We can conclude from this, that the module has no significant performance hit.
Reported duration is usually somewhere between 1.25ms and 1.50ms. I haven't seen it dropping further below, so let's say there is a 250µs on top of the average node baseline.
The maximum memory used is between 75 to 77 MB. I guess this is the additional allocation for the WebAssembly module, yet I'm not too worried about that. I assume the overhead can be amortized by running more memory efficient code within the module instead of the node environment. I'm pretty sure that a plain old JavaScript object needs more memory than a Rust struct.
Conclusion
This is all great news: you can run WebAssembly on AWS Lambda@Edge without a noticeable performance penalty. Now write your Rust code and run it on the edge.

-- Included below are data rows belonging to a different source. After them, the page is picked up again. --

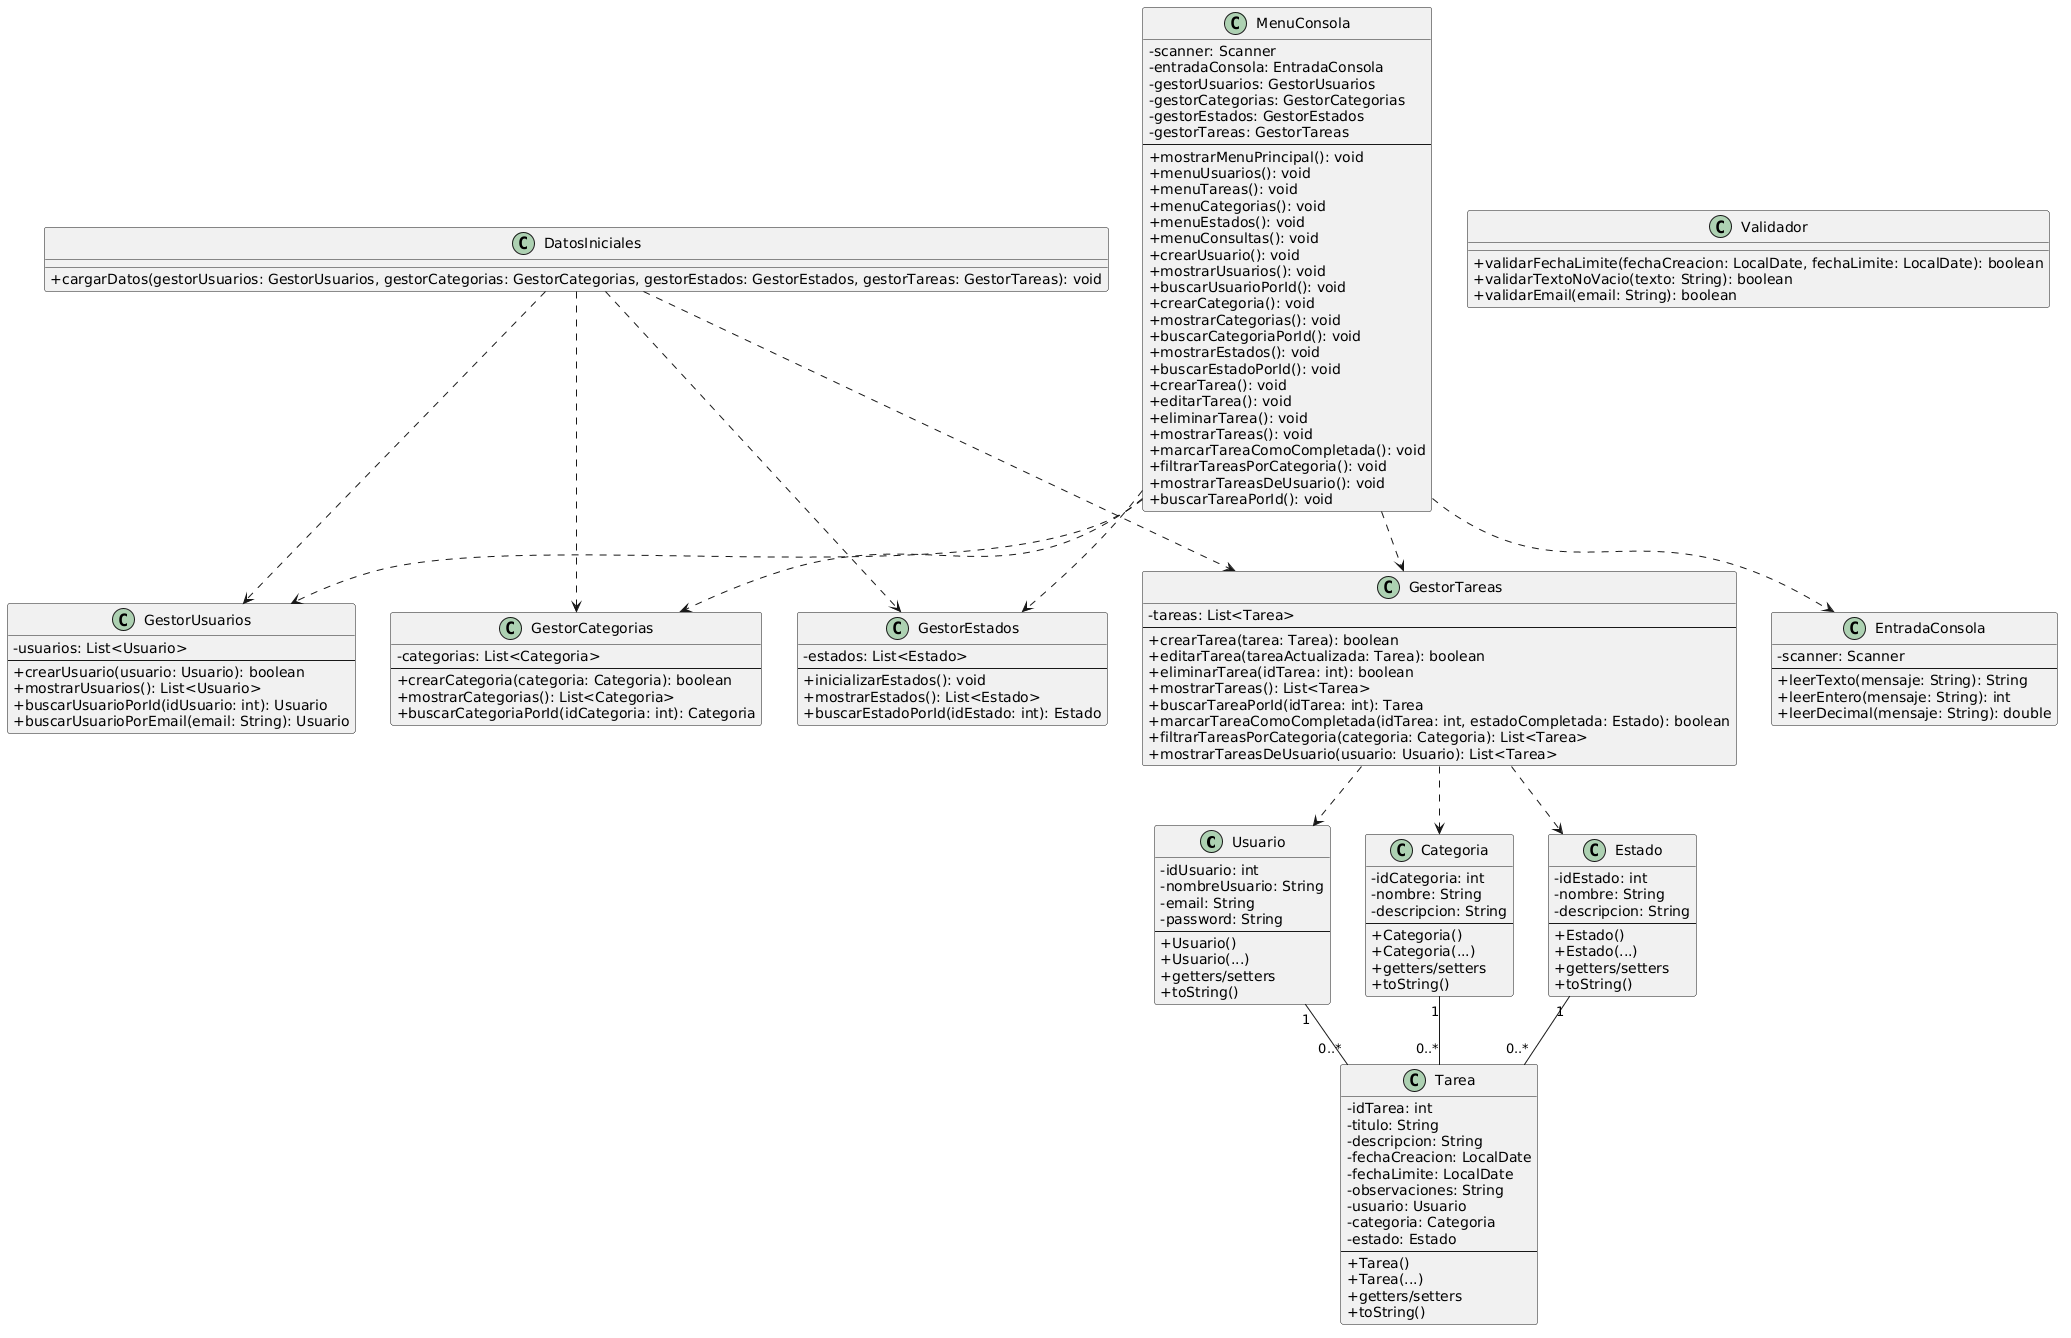

The diagram above was rendered by PlantUML. Its source (embedded in the PNG):
@startuml
skinparam classAttributeIconSize 0

class Usuario {
  - idUsuario: int
  - nombreUsuario: String
  - email: String
  - password: String
  --
  + Usuario()
  + Usuario(...)
  + getters/setters
  + toString()
}

class Categoria {
  - idCategoria: int
  - nombre: String
  - descripcion: String
  --
  + Categoria()
  + Categoria(...)
  + getters/setters
  + toString()
}

class Estado {
  - idEstado: int
  - nombre: String
  - descripcion: String
  --
  + Estado()
  + Estado(...)
  + getters/setters
  + toString()
}

class Tarea {
  - idTarea: int
  - titulo: String
  - descripcion: String
  - fechaCreacion: LocalDate
  - fechaLimite: LocalDate
  - observaciones: String
  - usuario: Usuario
  - categoria: Categoria
  - estado: Estado
  --
  + Tarea()
  + Tarea(...)
  + getters/setters
  + toString()
}

class GestorUsuarios {
  - usuarios: List<Usuario>
  --
  + crearUsuario(usuario: Usuario): boolean
  + mostrarUsuarios(): List<Usuario>
  + buscarUsuarioPorId(idUsuario: int): Usuario
  + buscarUsuarioPorEmail(email: String): Usuario
}

class GestorCategorias {
  - categorias: List<Categoria>
  --
  + crearCategoria(categoria: Categoria): boolean
  + mostrarCategorias(): List<Categoria>
  + buscarCategoriaPorId(idCategoria: int): Categoria
}

class GestorEstados {
  - estados: List<Estado>
  --
  + inicializarEstados(): void
  + mostrarEstados(): List<Estado>
  + buscarEstadoPorId(idEstado: int): Estado
}

class GestorTareas {
  - tareas: List<Tarea>
  --
  + crearTarea(tarea: Tarea): boolean
  + editarTarea(tareaActualizada: Tarea): boolean
  + eliminarTarea(idTarea: int): boolean
  + mostrarTareas(): List<Tarea>
  + buscarTareaPorId(idTarea: int): Tarea
  + marcarTareaComoCompletada(idTarea: int, estadoCompletada: Estado): boolean
  + filtrarTareasPorCategoria(categoria: Categoria): List<Tarea>
  + mostrarTareasDeUsuario(usuario: Usuario): List<Tarea>
}

class EntradaConsola {
  - scanner: Scanner
  --
  + leerTexto(mensaje: String): String
  + leerEntero(mensaje: String): int
  + leerDecimal(mensaje: String): double
}

class Validador {
  + validarFechaLimite(fechaCreacion: LocalDate, fechaLimite: LocalDate): boolean
  + validarTextoNoVacio(texto: String): boolean
  + validarEmail(email: String): boolean
}

class DatosIniciales {
  + cargarDatos(gestorUsuarios: GestorUsuarios, gestorCategorias: GestorCategorias, gestorEstados: GestorEstados, gestorTareas: GestorTareas): void
}

class MenuConsola {
  - scanner: Scanner
  - entradaConsola: EntradaConsola
  - gestorUsuarios: GestorUsuarios
  - gestorCategorias: GestorCategorias
  - gestorEstados: GestorEstados
  - gestorTareas: GestorTareas
  --
  + mostrarMenuPrincipal(): void
  + menuUsuarios(): void
  + menuTareas(): void
  + menuCategorias(): void
  + menuEstados(): void
  + menuConsultas(): void
  + crearUsuario(): void
  + mostrarUsuarios(): void
  + buscarUsuarioPorId(): void
  + crearCategoria(): void
  + mostrarCategorias(): void
  + buscarCategoriaPorId(): void
  + mostrarEstados(): void
  + buscarEstadoPorId(): void
  + crearTarea(): void
  + editarTarea(): void
  + eliminarTarea(): void
  + mostrarTareas(): void
  + marcarTareaComoCompletada(): void
  + filtrarTareasPorCategoria(): void
  + mostrarTareasDeUsuario(): void
  + buscarTareaPorId(): void
}

Usuario "1" -- "0..*" Tarea
Categoria "1" -- "0..*" Tarea
Estado "1" -- "0..*" Tarea

MenuConsola ..> GestorUsuarios
MenuConsola ..> GestorCategorias
MenuConsola ..> GestorEstados
MenuConsola ..> GestorTareas
MenuConsola ..> EntradaConsola

DatosIniciales ..> GestorUsuarios
DatosIniciales ..> GestorCategorias
DatosIniciales ..> GestorEstados
DatosIniciales ..> GestorTareas

GestorTareas ..> Usuario
GestorTareas ..> Categoria
GestorTareas ..> Estado
@enduml

Of course I do hope that in the future this will become more native. There's a lot of development happening in the WebAssembly space.
But maybe I've also convinced AWS to not move any faster, because we can solve the problem ourselves. And for a behemoth organization like them it can take many years to deliver even the smallest improvements which we consider to be no-brainers, … and then we wonder why it took them so long in the first place.
Yet I stay optimistic in general. I know that they know that Edge Computing is some hot stuff right now. They even launched a very specialized offering called AWS Wavelength. I'm looking forward to test this once it's more widely available.